According to the network’s website, “Seth Andrew founded Democracy Prep in 2005 to ensure that every single student will work hard, go to college, and change the world!” The phrase “Change the world!” is on the back of the yellow baseball cap that Mr. Andrew made part of his signature look.
The network’s first school opened in Harlem in 2006. It eventually expanded to 23 schools, in the Bronx; Camden, N.J.; San Antonio; and Las Vegas. Of the network’s 7,000 students, nearly all are students of color and 85 percent qualify for free lunch, according to the network’s website.
Under an agreement with the New York State Board of Regents, the charter network was required to “maintain an ‘escrow account’ that may be accessed only if the school dissolves,” prosecutors said. Mr. Andrew was a signatory to those accounts and had access to them, they said. The money in the accounts totaled a little more than $218,000.

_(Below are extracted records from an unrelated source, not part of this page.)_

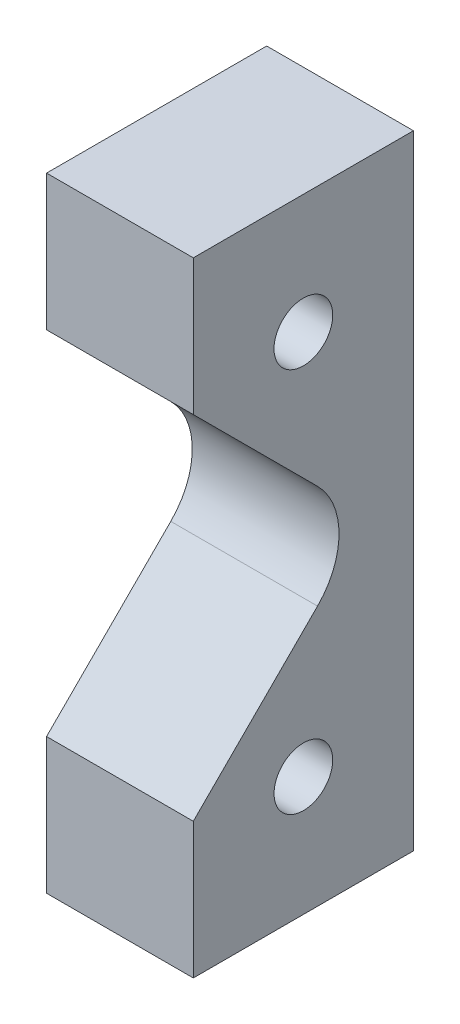
SolidWorks part; units mm, degrees
ref_plane "前视基准面" through (0, 0, 0) normal (0, 0, 1) x (1, 0, 0)
ref_plane "上视基准面" through (0, 0, 0) normal (0, 1, 0) x (1, 0, 0)
ref_plane "右视基准面" through (0, 0, 0) normal (1, 0, 0) x (0, 0, -1)
sketch "草图1" plane through (0, 0, 0) normal (1, 0, 0) x (0, 0, -1)
  line L0 (-15, 24) -> (1.9289, 7.0711)
  line L1 (15, -42.5) -> (-15, -42.5)
  line L2 (15, -42.5) -> (15, 42.5)
  line L3 (15, 42.5) -> (-15, 42.5)
  line L4 (-15, -42.5) -> (-15, -24)
  line L5 (-15, -24) -> (1.9289, -7.0711)
  line L8 (-15, 24) -> (-15, 42.5)
  arc A0 (1.9289, -7.0711) -> (1.9289, 7.0711) centre (-5.1421, 0) ccw
  point P0 (0, 0)
  dimension "D5" = 10
  dimension "D1" = 30
  dimension "D2" = 85
  dimension "D3" = 225
  dimension "D4" = 225
extrude "凸台-拉伸1" add sketch "草图1" along normal blind 20
sketch "草图3" plane through (0, 0, 0) normal (-1, 0, 0) x (0, 0, 1)
  line L0 (-38.505, 0) -> (41.0161, 0) construction
  line L1 (15, 42.5) -> (15, 24) construction
  circle A0 centre (0, 26.25) radius 4
  circle A1 centre (0, -26.25) radius 4
  dimension "D1" = 8
  dimension "D2" = 15
  dimension "D3" = 26.25
extrude "切除-拉伸1" cut sketch "草图3" against normal blind 20

Propelled by the network’s success, Mr. Andrew landed a job in 2013 in the United States Department of Education and later became a senior adviser in the Office of Educational Technology at the White House under President Barack Obama. In the administration, Mr. Andrew helped promote and improve STEM education, a curriculum focused on science, technology, engineering and mathematics.
While there, Mr. Andrew was still paid by the charter network, according to prosecutors. In November 2016, he left the administration, and by the following January he had formally severed ties with the charter network.
Two years later, Mr. Andrew began tapping into those escrow accounts, prosecutors said. On March 28, 2019, Mr. Andrew walked into a bank and closed two escrow accounts and walked out with two checks totaling more than $142,000, they said.
Later that day Mr. Andrew took one of those checks to open a new account at a different bank, prosecutors said. He told the second bank, which prosecutors did not identify, that he was a “key executive with control of” the charter network. Days later, Mr. Andrew used an A.T.M. to deposit the second check into that account, prosecutors said.